Segelin pointed to the success of the East End, which includes a mix of residential and retail, and said the hope is to attract a large number of the people to the Four Corners area, between Main and Broad streets.

Riverview Rochester, owned by attorney James V. Philippone (Philippone Law Offices) and Ben Kendig, is investing about $6 million in the renovation with some help through the city including a $1 million Empire State Development Corp. Restore New York grant and a $1.3 million city loan, which includes an incentive to eventually convert to owner-occupied condominiums in order for the city to forgive a portion of the loan.

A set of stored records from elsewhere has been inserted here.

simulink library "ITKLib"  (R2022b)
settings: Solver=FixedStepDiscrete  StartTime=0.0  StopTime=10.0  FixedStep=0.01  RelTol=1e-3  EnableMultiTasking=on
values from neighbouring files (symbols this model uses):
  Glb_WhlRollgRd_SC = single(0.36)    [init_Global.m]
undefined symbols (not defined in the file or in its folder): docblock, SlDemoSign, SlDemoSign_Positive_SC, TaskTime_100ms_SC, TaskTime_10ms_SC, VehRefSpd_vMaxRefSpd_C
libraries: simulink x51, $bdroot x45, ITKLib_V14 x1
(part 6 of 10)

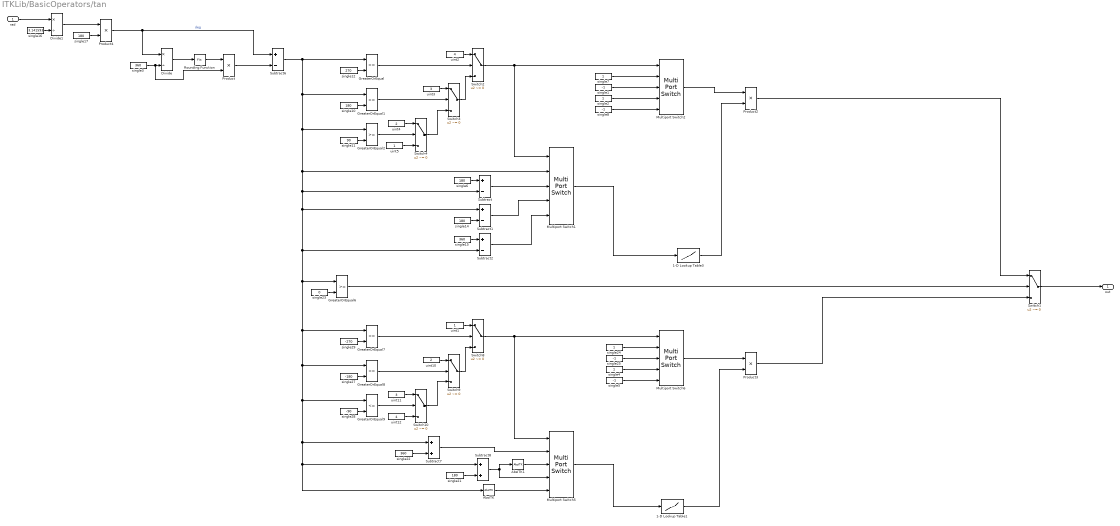
== system ITKLib/BasicOperators/tan ==
  rad : Inport
  1-D Lookup Table1 : Lookup_n-D  NumberOfTableDimensions=1  BreakpointsForDimension1=[0,5,10,15,20,25,30,35,40,45,50,55,60,65,70,75,80,85,89.9]  BreakpointsForDimension1DataTypeStr=single  Table=[0,0.0874886635259240,0.176326980708465,0.267949192431123,0.363970234266202,0.466307658154999,0.577350269189626,0.700207538209710,0.839099631177280,1.00000000000000,1.19175359259421,1.42814800674211,1.73205080756888,2.14450692050956,2.74747741945462,3.73205080756888,5.67128181961771,11.4300523027613,573]  TableDataTypeStr=single  IntermediateResultsDataTypeStr=single  ExtrapMethod=Clip  UseLastTableValue=on  InternalRulePriority=Speed  OutDataTypeStr=single  RndMeth=Simplest  FractionDataTypeStr=single
      settings: AttributesFormatString=|
      | input = %<BreakpointsForDimension1>
      | output = %<Table>
      | extrapolation-use end values: %<UseLastTableValue>
  1-D Lookup Table3 : Lookup_n-D  NumberOfTableDimensions=1  BreakpointsForDimension1=[0,5,10,15,20,25,30,35,40,45,50,55,60,65,70,75,80,85,89.9]  BreakpointsForDimension1DataTypeStr=single  Table=[0,0.0874886635259240,0.176326980708465,0.267949192431123,0.363970234266202,0.466307658154999,0.577350269189626,0.700207538209710,0.839099631177280,1.00000000000000,1.19175359259421,1.42814800674211,1.73205080756888,2.14450692050956,2.74747741945462,3.73205080756888,5.67128181961771,11.4300523027613,573]  TableDataTypeStr=single  IntermediateResultsDataTypeStr=single  ExtrapMethod=Clip  UseLastTableValue=on  InternalRulePriority=Speed  OutDataTypeStr=single  RndMeth=Simplest  FractionDataTypeStr=single
      settings: AttributesFormatString=|
      | input = %<BreakpointsForDimension1>
      | output = %<Table>
      | extrapolation-use end values: %<UseLastTableValue>
  AbsITK : $bdroot/BasicOperators/AbsITK
  AbsITK1 : $bdroot/BasicOperators/AbsITK
  Divide : Product  Inputs=*/  InputSameDT=on  RndMeth=Zero  SaturateOnIntegerOverflow=on
  Divide1 : Product  Inputs=*/  InputSameDT=on  RndMeth=Zero  SaturateOnIntegerOverflow=on
  GreaterOrEqual{,1..2,6} (4 alike) : RelationalOperator  OutDataTypeStr=boolean
  GreaterOrEqual7 : RelationalOperator  Operator=<=  OutDataTypeStr=boolean
  GreaterOrEqual8 : RelationalOperator  Operator=<=  OutDataTypeStr=boolean
  GreaterOrEqual9 : RelationalOperator  Operator=<=  OutDataTypeStr=boolean
  Multiport Switch{1..2,5..6} (4 alike) : MultiPortSwitch  Inputs=4  SaturateOnIntegerOverflow=off  InputSameDT=off
  Product{,2..4} (4 alike) : Product  InputSameDT=on  RndMeth=Zero  SaturateOnIntegerOverflow=on
  Rounding Function : Rounding  Operator=fix
  Subtract{,1..2,6} (4 alike) : Sum  Inputs=+-  InputSameDT=on  SaturateOnIntegerOverflow=on
  Subtract7 : Sum  InputSameDT=on  SaturateOnIntegerOverflow=on
  Subtract8 : Sum  InputSameDT=on  SaturateOnIntegerOverflow=on
  Switch{1..4,8..10} (7 alike) : Switch  Criteria=u2 ~= 0  SaturateOnIntegerOverflow=off  InputSameDT=off
      settings: AttributesFormatString=Criteria : %<Criteria>
  single{1,5,8,25} (4 alike) : Constant  Value=-1  OutDataTypeStr=single
      settings: AttributesFormatString=%<OutDataTypeStr>
  single{6,10,14,17,21} (5 alike) : Constant  Value=180  OutDataTypeStr=single
      settings: AttributesFormatString=%<OutDataTypeStr>
  single11 : Constant  Value=90  OutDataTypeStr=single
      settings: AttributesFormatString=%<OutDataTypeStr>
  single12 : Constant  Value=270  OutDataTypeStr=single
      settings: AttributesFormatString=%<OutDataTypeStr>
  single15 : Constant  Value=360  OutDataTypeStr=single
      settings: AttributesFormatString=%<OutDataTypeStr>
  single16 : Constant  Value=3.141593  OutDataTypeStr=single
      settings: AttributesFormatString=%<OutDataTypeStr>
  single{2,4,7,24} (4 alike) : Constant  OutDataTypeStr=single
      settings: AttributesFormatString=%<OutDataTypeStr>
  single22 : Constant  Value=360  OutDataTypeStr=single
      settings: AttributesFormatString=%<OutDataTypeStr>
  single23 : Constant  Value=0  OutDataTypeStr=single
      settings: AttributesFormatString=%<OutDataTypeStr>
  single27 : Constant  Value=-180  OutDataTypeStr=single
      settings: AttributesFormatString=%<OutDataTypeStr>
  single28 : Constant  Value=-90  OutDataTypeStr=single
      settings: AttributesFormatString=%<OutDataTypeStr>
  single29 : Constant  Value=-270  OutDataTypeStr=single
      settings: AttributesFormatString=%<OutDataTypeStr>
  single3 : Constant  Value=360  OutDataTypeStr=single
      settings: AttributesFormatString=%<OutDataTypeStr>
  uint1 : Constant  OutDataTypeStr=uint8
      settings: AttributesFormatString=%<OutDataTypeStr>
  uint10 : Constant  Value=2  OutDataTypeStr=uint8
      settings: AttributesFormatString=%<OutDataTypeStr>
  uint11 : Constant  Value=3  OutDataTypeStr=uint8
      settings: AttributesFormatString=%<OutDataTypeStr>
  uint12 : Constant  Value=4  OutDataTypeStr=uint8
      settings: AttributesFormatString=%<OutDataTypeStr>
  uint2 : Constant  Value=4  OutDataTypeStr=uint8
      settings: AttributesFormatString=%<OutDataTypeStr>
  uint3 : Constant  Value=3  OutDataTypeStr=uint8
      settings: AttributesFormatString=%<OutDataTypeStr>
  uint4 : Constant  Value=2  OutDataTypeStr=uint8
      settings: AttributesFormatString=%<OutDataTypeStr>
  uint5 : Constant  OutDataTypeStr=uint8
      settings: AttributesFormatString=%<OutDataTypeStr>
  out : Outport
  wires:
  uint3/1 -> Switch3/1
  uint10/1 -> Switch9/1
  single4/1 -> Multiport Switch6/4
  single1/1 -> Multiport Switch2/3
  Subtract7/1 -> Multiport Switch5/2
  Switch10/1 -> Switch9/3
  single29/1 -> GreaterOrEqual7/2
  Product2/1 -> Switch1/1
  GreaterOrEqual6/1 -> Switch1/2
  Divide/1 -> Rounding Function/1
  GreaterOrEqual8/1 -> Switch9/2
  single3/1 -> Product/2, Divide/2
  single22/1 -> Subtract7/2
  single21/1 -> Subtract8/2
  Switch3/1 -> Switch2/3
  GreaterOrEqual/1 -> Switch2/2
  uint2/1 -> Switch2/1
  Switch2/1 -> Multiport Switch1/1, Multiport Switch2/1
  Switch4/1 -> Switch3/3
  single6/1 -> Subtract/1
  single7/1 -> Multiport Switch2/2
  Subtract/1 -> Multiport Switch1/3
  uint4/1 -> Switch4/1
  single11/1 -> GreaterOrEqual2/2
  Multiport Switch2/1 -> Product2/1
  uint5/1 -> Switch4/3
  Subtract1/1 -> Multiport Switch1/4
  Subtract2/1 -> Multiport Switch1/5
  single27/1 -> GreaterOrEqual8/2
  Multiport Switch1/1 -> 1-D Lookup Table3/1
  uint12/1 -> Switch10/3
  Product/1 -> Subtract6/2
  Switch1/1 -> out/1
  Subtract8/1 -> AbsITK1/1, Multiport Switch5/4
  Multiport Switch6/1 -> Product3/1
  Multiport Switch5/1 -> 1-D Lookup Table1/1
  Switch8/1 -> Multiport Switch5/1, Multiport Switch6/1
  Product4/1 -> Divide/1, Subtract6/1  "deg"
  GreaterOrEqual9/1 -> Switch10/2
  GreaterOrEqual7/1 -> Switch8/2
  single12/1 -> GreaterOrEqual/2
  single28/1 -> GreaterOrEqual9/2
  single25/1 -> Multiport Switch6/3
  single14/1 -> Subtract1/2
  single2/1 -> Multiport Switch2/4
  single24/1 -> Multiport Switch6/2
  Rounding Function/1 -> Product/1
  single15/1 -> Subtract2/1
  Subtract6/1 -> GreaterOrEqual6/1, AbsITK/1, Subtract8/1, Subtract7/1, GreaterOrEqual9/1, GreaterOrEqual8/1, GreaterOrEqual7/1, Subtract2/2, Subtract1/1, Subtract/2, Multiport Switch1/2, GreaterOrEqual2/1, GreaterOrEqual1/1, GreaterOrEqual/1
  GreaterOrEqual2/1 -> Switch4/2
  1-D Lookup Table1/1 -> Product3/2
  single23/1 -> GreaterOrEqual6/2
  GreaterOrEqual1/1 -> Switch3/2
  single10/1 -> GreaterOrEqual1/2
  single5/1 -> Multiport Switch6/5
  uint11/1 -> Switch10/1
  Product3/1 -> Switch1/3
  single8/1 -> Multiport Switch2/5
  Switch9/1 -> Switch8/3
  uint1/1 -> Switch8/1
  1-D Lookup Table3/1 -> Product2/2
  Divide1/1 -> Product4/1
  single17/1 -> Product4/2
  single16/1 -> Divide1/2
  rad/1 -> Divide1/1
  AbsITK/1 -> Multiport Switch5/5
  AbsITK1/1 -> Multiport Switch5/3

== system ITKLib/BitOperation/GetBitU16 ==
  Pos : Inport  OutDataTypeStr=uint8
  u : Inport  Port=2  OutDataTypeStr=uint16
  Greater : RelationalOperator  Operator=>  OutDataTypeStr=boolean
  MATLAB Function : MATLAB Function  TreatAsAtomicUnit=on
  MATLAB Function1 : MATLAB Function  TreatAsAtomicUnit=on
  Subtract : Sum  Inputs=+-  InputSameDT=on  SaturateOnIntegerOverflow=on
  uint1 : Constant  Value=15  OutDataTypeStr=uint8  SampleTime=-1
      settings: AttributesFormatString=%<OutDataTypeStr>
  uint2 : Constant  Value=2  OutDataTypeStr=uint8  SampleTime=-1
      settings: AttributesFormatString=%<OutDataTypeStr>
  uint32 : Constant  Value=0  OutDataTypeStr=uint16  SampleTime=-1
      settings: AttributesFormatString=%<OutDataTypeStr>
  uint8 : Constant  OutDataTypeStr=uint8  SampleTime=-1
      settings: AttributesFormatString=%<OutDataTypeStr>
  Out : Outport  OutDataTypeStr=boolean
  wires:
  u/1 -> MATLAB Function/1(u)
  Subtract/1 -> MATLAB Function/3(N)
  Pos/1 -> Subtract/2
  uint1/1 -> Subtract/1, MATLAB Function1/3(N)
  MATLAB Function1/1(y) -> Greater/1
  Greater/1 -> Out/1
  uint32/1 -> Greater/2
  MATLAB Function/1(y) -> MATLAB Function1/1(u)
  uint2/1 -> MATLAB Function1/2(mode)  "Shift Right Logical"
  uint8/1 -> MATLAB Function/2(mode)  "Shift Left Logical"

== system ITKLib/BitOperation/GetBitU32 ==
  Pos : Inport  OutDataTypeStr=uint8
  u : Inport  Port=2  OutDataTypeStr=uint32
  Greater : RelationalOperator  Operator=>  OutDataTypeStr=boolean
  MATLAB Function : MATLAB Function  TreatAsAtomicUnit=on
  MATLAB Function1 : MATLAB Function  TreatAsAtomicUnit=on
  Subtract : Sum  Inputs=+-  InputSameDT=on  SaturateOnIntegerOverflow=on
  uint1 : Constant  Value=31  OutDataTypeStr=uint8  SampleTime=-1
      settings: AttributesFormatString=%<OutDataTypeStr>
  uint2 : Constant  Value=2  OutDataTypeStr=uint8  SampleTime=-1
      settings: AttributesFormatString=%<OutDataTypeStr>
  uint3 : Constant  OutDataTypeStr=uint8  SampleTime=-1
      settings: AttributesFormatString=%<OutDataTypeStr>
  uint8 : Constant  Value=0  OutDataTypeStr=uint32  SampleTime=-1
      settings: AttributesFormatString=%<OutDataTypeStr>
  Out : Outport  OutDataTypeStr=boolean
  wires:
  MATLAB Function1/1(y) -> Greater/1
  Greater/1 -> Out/1
  uint8/1 -> Greater/2
  Pos/1 -> Subtract/2
  u/1 -> MATLAB Function/1(u)
  uint1/1 -> MATLAB Function1/3(N), Subtract/1
  Subtract/1 -> MATLAB Function/3(N)
  uint3/1 -> MATLAB Function/2(mode)  "Shift Left Logical"
  MATLAB Function/1(y) -> MATLAB Function1/1(u)
  uint2/1 -> MATLAB Function1/2(mode)  "Shift Right Logical"

== system ITKLib/BitOperation/GetBitU8 ==
  Pos : Inport  OutDataTypeStr=uint8
  u : Inport  Port=2  OutDataTypeStr=uint8
  Greater : RelationalOperator  Operator=>  OutDataTypeStr=boolean
  MATLAB Function : MATLAB Function  TreatAsAtomicUnit=on
  MATLAB Function1 : MATLAB Function  TreatAsAtomicUnit=on
  Subtract : Sum  Inputs=+-  InputSameDT=on  SaturateOnIntegerOverflow=on
  uint1 : Constant  Value=7  OutDataTypeStr=uint8  SampleTime=-1
      settings: AttributesFormatString=%<OutDataTypeStr>
  uint2 : Constant  Value=2  OutDataTypeStr=uint8  SampleTime=-1
      settings: AttributesFormatString=%<OutDataTypeStr>
  uint32 : Constant  Value=0  OutDataTypeStr=uint8  SampleTime=-1
      settings: AttributesFormatString=%<OutDataTypeStr>
  uint8 : Constant  OutDataTypeStr=uint8  SampleTime=-1
      settings: AttributesFormatString=%<OutDataTypeStr>
  Out : Outport  OutDataTypeStr=boolean
  wires:
  u/1 -> MATLAB Function/1(u)
  uint1/1 -> MATLAB Function1/3(N), Subtract/1
  MATLAB Function1/1(y) -> Greater/1
  Pos/1 -> Subtract/2
  uint32/1 -> Greater/2
  Greater/1 -> Out/1
  Subtract/1 -> MATLAB Function/3(N)
  uint8/1 -> MATLAB Function/2(mode)  "Shift Left Logical"
  MATLAB Function/1(y) -> MATLAB Function1/1(u)
  uint2/1 -> MATLAB Function1/2(mode)  "Shift Right Logical"

== system ITKLib/BitOperation/MaskAnd ==
  In : Inport
  Mask : Inport  Port=2
  AND : Logic  OutDataTypeStr=boolean
  Bitwise Operator : simulink/Logic and Bit Operations/Bitwise Operator  logicop=AND  UseBitMask=off  NumInputPorts=2  BitMask=bin2dec('11011001')  BitMaskRealWorld=Stored Integer
  Data Type Conversion4 : DataTypeConversion  OutDataTypeStr=uint32  RndMeth=Simplest  SaturateOnIntegerOverflow=off
  Data Type Conversion7 : DataTypeConversion  OutDataTypeStr=uint32  RndMeth=Simplest  SaturateOnIntegerOverflow=off
  Relational Operator : RelationalOperator  Operator===  OutDataTypeStr=boolean  InputSameDT=off
  Relational Operator1 : RelationalOperator  Operator=~=  OutDataTypeStr=boolean  InputSameDT=off
  uint32 : Constant  Value=0  OutDataTypeStr=uint32  SampleTime=-1
      settings: AttributesFormatString=%<OutDataTypeStr>
  Out : Outport
  wires:
  Mask/1 -> Data Type Conversion4/1
  In/1 -> Data Type Conversion7/1
  AND/1 -> Out/1
  Bitwise Operator/1 -> Relational Operator/2
  Data Type Conversion7/1 -> Bitwise Operator/2
  Data Type Conversion4/1 -> Bitwise Operator/1, Relational Operator1/1, Relational Operator/1
  uint32/1 -> Relational Operator1/2
  Relational Operator1/1 -> AND/1
  Relational Operator/1 -> AND/2

== system ITKLib/BitOperation/MaskOr ==
  In : Inport
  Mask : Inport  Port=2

“What this means to the city is a pretty dramatic trend in the conversion of vacant office space to high-quality mixed-use projects with a real emphasis on urban living,” said Bret Garwood, the city’s director of business and housing development. “This project’s particularly important because of the opportunity of converting it to a condo project.”

The work is being done by R.S. Lindsay Building and Interior. Design is by Bero Architecture PLLC.

“Everybody is local,” Segelin said. “We’re not using any out-of-town construction people or materials. This is strictly local development. The project is moving along quite quickly. We are very excited at the prospect of making a significant contribution to the health and development of downtown Rochester.”